The response consists of the lines from the start of the material below through the line holding "Delay1 : Delay", repeated word for word and without pictures.
[Opening Records to process section]
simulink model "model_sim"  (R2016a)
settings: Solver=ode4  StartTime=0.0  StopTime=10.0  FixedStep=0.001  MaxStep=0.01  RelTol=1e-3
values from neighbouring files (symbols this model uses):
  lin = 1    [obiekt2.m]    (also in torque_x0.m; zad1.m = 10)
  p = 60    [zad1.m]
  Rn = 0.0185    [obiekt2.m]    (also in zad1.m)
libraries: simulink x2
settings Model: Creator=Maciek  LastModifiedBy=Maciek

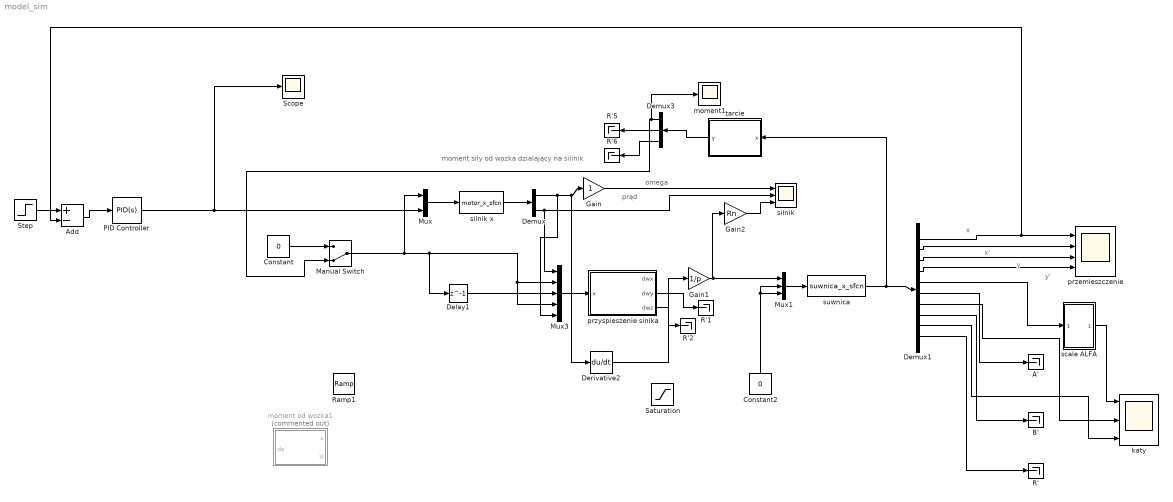
== system model_sim ==
  note: moment siły od wozka dzialający na silinik
  note: prąd
  note: omega
  note: y'
  note: y
  note: x'
  note: x
  A' : Terminator
  Add : Sum  Inputs=+-
  B' : Terminator
  Constant : Constant  Value=0
  Constant2 : Constant  Value=0
  Delay1 : Delay  DelayLength=1
  Demux : Demux  Outputs=2
  Demux1 : Demux  Outputs=10
  Demux3 : Demux  Outputs=3
  Derivative2 : Derivative
  Gain : Gain
  Gain1 : Gain  Gain=1/p
  Gain2 : Gain  Gain=Rn
  Manual Switch : ManualSwitch  CurrentSetting=0
  Mux : Mux  Inputs=2
  Mux1 : Mux  Inputs=3
  Mux3 : Mux  Inputs=5
  PID Controller : simulink/Continuous/PID Controller  Controller=PID  TimeDomain=Continuous-time  SampleTime=-1  IntegratorMethod=Forward Euler  FilterMethod=Forward Euler  Form=Parallel  UseFilter=on  ControllerParametersSource=internal  P=100  I=0.02  D=5  N=100  InitialConditionSource=internal  InitialConditionForIntegrator=0  InitialConditionForFilter=0  ExternalReset=none  LimitOutput=on  UpperSaturationLimit=20  LowerSaturationLimit=-20  LinearizeAsGain=on  AntiWindupMode=none  Kb=1  TrackingMode=off  Kt=1  PParamMin=[]  PParamMax=[]  IParamMin=[]  IParamMax=[]  DParamMin=[]  DParamMax=[]  NParamMin=[]  NParamMax=[]  KbParamMin=[]  KbParamMax=[]  KtParamMin=[]  KtParamMax=[]  POutMin=[]  POutMax=[]  IOutMin=[]  IOutMax=[]  DOutMin=[]  DOutMax=[]  NOutMin=[]  NOutMax=[]  KbOutMin=[]  KbOutMax=[]  KtOutMin=[]  KtOutMax=[]  IntegratorOutMin=[]  IntegratorOutMax=[]  FilterOutMin=[]  FilterOutMax=[]  SumOutMin=[]  SumOutMax=[]  SumI1OutMin=[]  SumI1OutMax=[]  SumI2OutMin=[]  SumI2OutMax=[]  SumI3OutMin=[]  SumI3OutMax=[]  SumDOutMin=[]  SumDOutMax=[]  SaturationOutMin=[]  SaturationOutMax=[]  IntegratorContinuousStateAttributes=''  IntegratorStateMustResolveToSignalObject=off  IntegratorRTWStateStorageClass=Auto  FilterContinuousStateAttributes=''  FilterStateMustResolveToSignalObject=off  FilterRTWStateStorageClass=Auto  DifferentiatorICPrevScaledInput=0  DifferentiatorOutMin=[]  DifferentiatorOutMax=[]
  R'{,1..2,5..6} (5 alike) : Terminator
  Ramp1 : simulink/Sources/Ramp  slope=0.5  start=0  X0=0
  Saturation : Saturate  UpperLimit=10  LowerLimit=-10
  Scope : Scope
  Step : Step  After=0.2  SampleTime=0
  katy : Scope  NumInputPorts=3
  moment od wozka1 : MATLAB Function  Commented=on  TreatAsAtomicUnit=on
  moment1 : Scope
  przemieszczenie : Scope  NumInputPorts=4
  przyspieszenie sinika : MATLAB Function  TreatAsAtomicUnit=on
  scale ALFA : Subsystem
  silnik : Scope  NumInputPorts=3
  silnik x : S-Function  FunctionName=motor_x_sfcn  SFunctionDeploymentMode=off  EnableBusSupport=off
  suwnica : S-Function  FunctionName=suwnica_x_sfcn  Parameters=x0  SFunctionDeploymentMode=off  EnableBusSupport=off
  tarcie : MATLAB Function  TreatAsAtomicUnit=on
  wires:
  Mux/1 -> silnik x/1
  silnik x/1 -> Demux/1
  Demux/1 -> Mux3/5, Derivative2/1, Gain/1
  Mux1/1 -> suwnica/1
  Constant2/1 -> Mux1/2, Mux1/3
  Demux1/10 -> R'/1
  Demux1/8 -> B'/1
  Demux1/7 -> katy/2
  Demux1/9 -> katy/3
  Demux1/6 -> A'/1
  Demux1/2 -> przemieszczenie/2
  Demux1/3 -> przemieszczenie/3
  Demux1/4 -> przemieszczenie/4
  Mux3/1 -> przyspieszenie sinika/1(x)
  przyspieszenie sinika/3(dwz) -> R'2/1
  przyspieszenie sinika/2(dwy) -> R'1/1
  suwnica/1 -> tarcie/1(x), Demux1/1
  Gain/1 -> silnik/1
  Demux/2 -> Mux3/1, silnik/2
  Delay1/1 -> Mux3/3
  Constant/1 -> Manual Switch/1
  Gain2/1 -> silnik/3
  tarcie/1(y) -> Demux3/1
  Demux3/2 -> R'5/1
  Demux3/3 -> R'6/1
  Demux3/1 -> moment1/1, Manual Switch/2
  Gain1/1 -> Mux1/1, Gain2/1
  Demux1/5 -> scale ALFA/1(In1)
  Demux1/1 -> Add/2, przemieszczenie/1
  scale ALFA/1(Out1) -> katy/1
  Manual Switch/1 -> Mux/1, Mux3/4, Mux3/2, Delay1/1
  PID Controller/1 -> Scope/1, Mux/2
  Add/1 -> PID Controller/1
  Step/1 -> Add/1
  Derivative2/1 -> Gain1/1

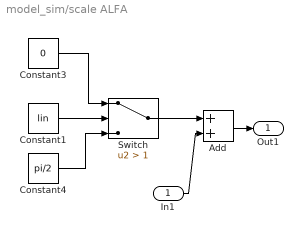
== system model_sim/scale ALFA ==
  In1 : Inport
  Add : Sum  Inputs=2
  Constant1 : Constant  Value=lin
  Constant3 : Constant  Value=0
  Constant4 : Constant  Value=pi/2
  Switch : Switch  Criteria=u2 > Threshold  Threshold=1
  Out1 : Outport
  wires:
  Add/1 -> Out1/1
  In1/1 -> Add/2
  Constant4/1 -> Switch/3
  Constant3/1 -> Switch/1
  Switch/1 -> Add/1
  Constant1/1 -> Switch/2

== matlab function model_sim/przyspieszenie sinika ==
  data: x input; dwx output; dwy output; dwz output
function [dwx, dwy, dwz] = angular_accel(x)

    %w = x(1); %predkosc katowa
    %temp = x(1);
    %ix = temp(2);
    wx = x(5);
    ix = x(1); % prad x
    iy = x(2); % prad x
    awx = x(3); %przysp x
    awy = x(4); %przys y
    
    xs = 1.5;   % szerokość suwnicy
    sy = 2.5;   % dł suwnicy
    mw = 1.155;%2.49;  % masa wózka
    ms = 2.2;%4.09;  % masa szyny
    mc = 1;     % masa ciężarka
    Rn = 0.0185;% promien bloków napedzajacych
    g = 9.81;
    p = 60;%przekladnia
    
    J = 1.1418*10^(-6);   %moment bezwladnisci
    tau_e = 0.48*10^(-3);
    tau_m = 21*10^(-3);                                                                             
    Ke = 0.02607;  %stala elektryczna
    Km = 0.0265;    %stala mechaniczna
    R = 12.5;      %opornosc
    L = 5.93*10^(-3);    %indukcyjnosc
    
    Mx = mw + mc;
    My = mw + ms + mc;
    
    dwx = (Km * ix - awx * Mx * Rn /p - 0* wx) / J;
    
    dwy = (Km * iy - awy * My * Rn / p ) / J;
    
    dwz = 0;%Km/J * i - aw * Mx * Rn / J;
    
end

== matlab function model_sim/tarcie ==
  data: x input; y output
function y  = tarcie(x)
%#codegen

    xs = 1.5;   % szerokość suwnicy
    sy = 2.5;   % dł suwnicy
    mw = 1.155;%2.49;  % masa wózka
    ms = 2.2;%4.09;  % masa szyny
    mc = 1;     % masa ciężarka
    Rn = 0.0185;% promien bloków napedzajacych
    g = 9.81;
    
    k1 = 82;%75;
    k2 = 100;%75;
    k3 = 75;%75;
    %siły tarcia
    if x(2) > 0 
        Tx = k1*mw*x(2) + 7.5;%10;
    elseif x(2) < 0
        Tx = k1*mw*x(2) - 7.5;%10;
    else
        Tx = 0;
    end
    if x(4) > 0 
        Ty = k2*(mw+ms)*x(4) + 5;%22;
    elseif x(4) < 0
        Ty = k2*(mw+ms)*x(4) - 5;%22;
    else
        Ty = 0;
    end
    if x(10) > 0
        Tr = -g*mc - x(10) * k3;%142;
    elseif x(10) < 0 
        Tr = g*mc - x(10) * k3;%218;
    else
        Tr = g*mc;
    end
    %Tr = k3*mc*x(10);
    
    T1 = Tx/mw;
    T2 = Ty/(mw+mc);
    T3 = Tr/mc;
    y = zeros(3,1);
    y(1) = T1;
    y(2) = T2;
    y(3) = T3;
end

== matlab function model_sim/moment od wozka1 ==
  data: x input; dx output; U input
function dx   = torque_x(x, U)

    lin = 1;
    xs = 1.5;   % szerokość suwnicy
    sy = 2.5;   % dł suwnicy
    mw = 1.155;%2.49;  % masa wózka
    ms = 2.2;%4.09;  % masa szyny
    mc = 1;     % masa ciężarka
    Rn = 0.0185;% promien bloków napedzajacych
    g = 9.81;
    
    %wsp tarcia
    k1 = 82;%75;
    k2 = 100;%75;
    k3 = 75;%75;
    %siły tarcia
    if x(2) > 0 
        Tx = k1*mw*x(2) + 7.5;%10;
    elseif x(2) < 0
        Tx = k1*mw*x(2) - 7.5;%10;
    else
        Tx = 0;
    end
    if x(4) > 0 
        Ty = k2*(mw+ms)*x(4) + 5;%22;
    elseif x(4) < 0
        Ty = k2*(mw+ms)*x(4) - 5;%22;
    else
        Ty = 0;
    end
    if x(10) > 0
        Tr = -g*mc - x(10) * k3;%142;
    elseif x(10) < 0 
        Tr = g*mc - x(10) * k3;%218;
    else
        Tr = 0;
    end
    %Tr = k3*mc*x(10);
    
    T1 = Tx/mw;
    T2 = Ty/(mw+mc);
    T3 = Tr/mc;
    
    %u = [x(11) x(12) x(13)];
    u = U * Rn; % przejscie z przyspieszenia katowego na liniowe
    N1 = u(1) - T1;
    N2 = u(2) - T2;
    N3 = u(3) - T3;
    
    ni1 = mc/mw;
    ni2 = mc/(mw + ms);
    
    if lin == 1%model liniowy
        dx= zeros(3,1);
        dx(1) = N1-ni1*x(5)*N3;                             %xw'
        dx(2) = N2+ni2*x(7)*N3;                             %yw'
        dx(3) = -N3 +g;                                    %R'
    
    else %model nieliniowy
        dx= zeros(3,1);
        
        V5 = cos(x(5))*sin(x(5))*(x(8))^2*x(9) - 2*x(10)*x(6) + g*cos(x(5))*cos(x(7));
        V6 = 2*x(8)*(cos(x(5))*x(6)*x(9) + sin(x(5))*x(10)) + g*sin(x(7));
        V7 = (sin(x(5)))^2*(x(8))^2*x(9) + g*sin(x(5))*cos(x(7)) + x(6)*x(6)*x(9);
        
        dx(1) = N1+ni1*cos(x(5))*N3;
        dx(2) = N2 + ni2*sin(x(7))*sin(x(5))*N3;
        dx(3) = -cos(x(5))*N1 - sin(x(5))*sin(x(7))*N2 -(1+ni1*(cos(x(5)))^2+ni2*(sin(x(5)))^2*(sin(x(7)))^2)*N3+V7;
     end
    
end
[Closing Records to process section]
• Output of the task:
simulink model "model_sim"  (R2016a)
settings: Solver=ode4  StartTime=0.0  StopTime=10.0  FixedStep=0.001  MaxStep=0.01  RelTol=1e-3
values from neighbouring files (symbols this model uses):
  lin = 1    [obiekt2.m]    (also in torque_x0.m; zad1.m = 10)
  p = 60    [zad1.m]
  Rn = 0.0185    [obiekt2.m]    (also in zad1.m)
libraries: simulink x2
settings Model: Creator=Maciek  LastModifiedBy=Maciek

== system model_sim ==
  note: moment siły od wozka dzialający na silinik
  note: prąd
  note: omega
  note: y'
  note: y
  note: x'
  note: x
  A' : Terminator
  Add : Sum  Inputs=+-
  B' : Terminator
  Constant : Constant  Value=0
  Constant2 : Constant  Value=0
  Delay1 : Delay  DelayLength=1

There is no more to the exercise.